## Task directions
Beginning with the line containing "Demux3/2 -> Sum2/1" and ending with the last line, repeat the records exactly.

## Exercise material
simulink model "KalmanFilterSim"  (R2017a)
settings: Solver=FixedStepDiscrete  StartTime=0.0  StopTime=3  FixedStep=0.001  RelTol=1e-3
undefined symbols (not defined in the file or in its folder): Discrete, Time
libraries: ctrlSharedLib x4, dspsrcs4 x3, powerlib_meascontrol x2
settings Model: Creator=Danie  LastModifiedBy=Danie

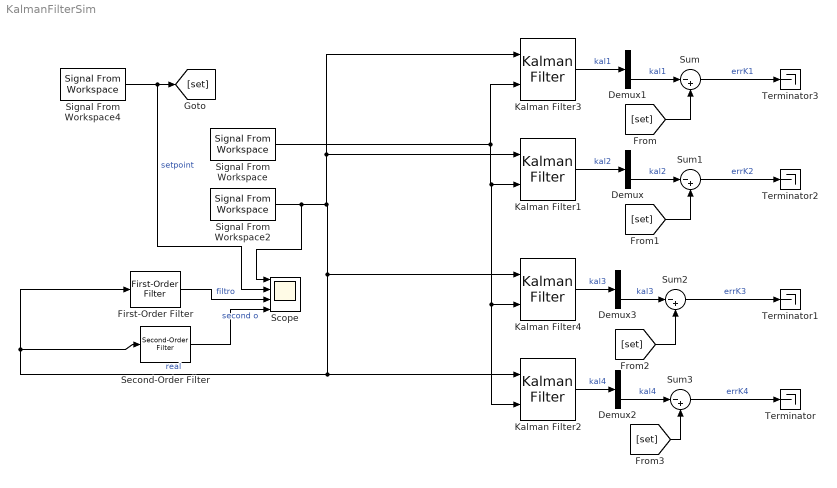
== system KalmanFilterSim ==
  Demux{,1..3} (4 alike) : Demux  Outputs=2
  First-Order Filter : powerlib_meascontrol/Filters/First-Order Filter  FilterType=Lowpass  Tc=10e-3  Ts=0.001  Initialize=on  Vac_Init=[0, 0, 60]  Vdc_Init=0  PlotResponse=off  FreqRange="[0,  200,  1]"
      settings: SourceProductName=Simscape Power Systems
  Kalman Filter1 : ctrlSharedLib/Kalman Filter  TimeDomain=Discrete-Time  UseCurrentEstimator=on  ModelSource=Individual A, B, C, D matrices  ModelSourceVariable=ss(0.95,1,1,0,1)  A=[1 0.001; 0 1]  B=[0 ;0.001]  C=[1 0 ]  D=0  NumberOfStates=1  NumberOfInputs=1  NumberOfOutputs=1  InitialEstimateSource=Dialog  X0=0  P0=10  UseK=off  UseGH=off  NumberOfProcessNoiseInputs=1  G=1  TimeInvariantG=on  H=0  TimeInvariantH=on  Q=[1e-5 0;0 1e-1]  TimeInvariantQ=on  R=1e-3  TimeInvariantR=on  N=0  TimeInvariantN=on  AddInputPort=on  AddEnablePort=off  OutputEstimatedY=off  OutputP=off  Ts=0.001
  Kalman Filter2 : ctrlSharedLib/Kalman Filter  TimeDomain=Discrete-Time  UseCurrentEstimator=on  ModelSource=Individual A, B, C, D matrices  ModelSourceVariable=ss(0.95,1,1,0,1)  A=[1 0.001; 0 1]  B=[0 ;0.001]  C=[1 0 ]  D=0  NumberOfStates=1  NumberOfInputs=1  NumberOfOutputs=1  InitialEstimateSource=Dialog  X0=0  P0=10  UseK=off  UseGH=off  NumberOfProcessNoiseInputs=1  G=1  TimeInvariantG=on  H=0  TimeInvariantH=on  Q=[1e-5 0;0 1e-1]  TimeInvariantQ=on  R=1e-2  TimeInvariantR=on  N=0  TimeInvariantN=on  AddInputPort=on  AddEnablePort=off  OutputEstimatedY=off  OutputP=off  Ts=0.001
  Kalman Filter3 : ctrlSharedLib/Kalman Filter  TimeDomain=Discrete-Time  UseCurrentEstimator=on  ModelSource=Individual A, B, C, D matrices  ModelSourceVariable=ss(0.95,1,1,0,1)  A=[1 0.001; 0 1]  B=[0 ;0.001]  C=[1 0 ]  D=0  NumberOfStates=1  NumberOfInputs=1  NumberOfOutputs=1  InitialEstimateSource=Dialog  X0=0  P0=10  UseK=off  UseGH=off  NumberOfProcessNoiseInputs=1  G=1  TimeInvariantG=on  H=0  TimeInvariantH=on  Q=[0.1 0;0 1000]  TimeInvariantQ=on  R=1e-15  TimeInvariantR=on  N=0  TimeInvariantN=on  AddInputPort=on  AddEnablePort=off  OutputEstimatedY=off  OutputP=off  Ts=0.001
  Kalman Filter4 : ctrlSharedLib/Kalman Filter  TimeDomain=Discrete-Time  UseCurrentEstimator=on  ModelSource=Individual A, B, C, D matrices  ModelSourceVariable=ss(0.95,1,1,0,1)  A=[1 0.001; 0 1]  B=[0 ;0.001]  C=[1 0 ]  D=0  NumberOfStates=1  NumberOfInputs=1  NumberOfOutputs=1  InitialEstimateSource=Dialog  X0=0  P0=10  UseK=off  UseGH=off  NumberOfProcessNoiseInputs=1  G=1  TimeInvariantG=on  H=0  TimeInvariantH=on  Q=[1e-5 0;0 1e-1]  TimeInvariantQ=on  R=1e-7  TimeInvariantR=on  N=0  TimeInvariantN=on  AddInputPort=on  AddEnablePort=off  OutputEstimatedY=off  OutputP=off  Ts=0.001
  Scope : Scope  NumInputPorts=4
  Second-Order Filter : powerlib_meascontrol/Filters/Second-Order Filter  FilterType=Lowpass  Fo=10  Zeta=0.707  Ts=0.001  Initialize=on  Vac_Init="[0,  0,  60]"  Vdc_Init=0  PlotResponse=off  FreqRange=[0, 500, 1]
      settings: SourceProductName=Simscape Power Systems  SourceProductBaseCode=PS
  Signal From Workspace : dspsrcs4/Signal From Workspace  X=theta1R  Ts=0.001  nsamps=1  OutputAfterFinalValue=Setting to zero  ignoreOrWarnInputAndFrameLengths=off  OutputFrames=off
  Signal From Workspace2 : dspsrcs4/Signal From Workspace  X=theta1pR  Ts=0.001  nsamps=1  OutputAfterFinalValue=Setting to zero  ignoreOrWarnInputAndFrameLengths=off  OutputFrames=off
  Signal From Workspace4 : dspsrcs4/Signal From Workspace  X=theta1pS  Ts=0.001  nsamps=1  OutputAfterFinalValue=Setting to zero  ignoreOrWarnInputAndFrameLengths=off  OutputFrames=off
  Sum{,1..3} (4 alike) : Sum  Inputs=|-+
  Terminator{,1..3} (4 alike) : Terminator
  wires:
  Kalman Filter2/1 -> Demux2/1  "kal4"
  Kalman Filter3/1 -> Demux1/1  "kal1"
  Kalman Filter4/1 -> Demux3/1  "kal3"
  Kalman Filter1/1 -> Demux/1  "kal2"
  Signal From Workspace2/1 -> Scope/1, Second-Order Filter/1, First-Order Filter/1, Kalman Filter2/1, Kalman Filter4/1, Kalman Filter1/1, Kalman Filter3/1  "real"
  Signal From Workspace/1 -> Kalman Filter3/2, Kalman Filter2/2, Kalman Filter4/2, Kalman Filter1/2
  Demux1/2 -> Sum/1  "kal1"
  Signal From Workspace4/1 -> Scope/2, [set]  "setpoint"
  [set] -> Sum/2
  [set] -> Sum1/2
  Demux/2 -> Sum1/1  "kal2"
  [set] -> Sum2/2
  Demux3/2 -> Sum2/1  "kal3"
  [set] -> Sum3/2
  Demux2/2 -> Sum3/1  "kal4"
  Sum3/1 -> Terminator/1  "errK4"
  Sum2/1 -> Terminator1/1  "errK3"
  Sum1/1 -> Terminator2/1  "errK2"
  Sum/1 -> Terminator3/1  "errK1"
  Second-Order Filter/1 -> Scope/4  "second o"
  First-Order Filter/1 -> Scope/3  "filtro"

## Reply
  Demux3/2 -> Sum2/1  "kal3"
  [set] -> Sum3/2
  Demux2/2 -> Sum3/1  "kal4"
  Sum3/1 -> Terminator/1  "errK4"
  Sum2/1 -> Terminator1/1  "errK3"
  Sum1/1 -> Terminator2/1  "errK2"
  Sum/1 -> Terminator3/1  "errK1"
  Second-Order Filter/1 -> Scope/4  "second o"
  First-Order Filter/1 -> Scope/3  "filtro"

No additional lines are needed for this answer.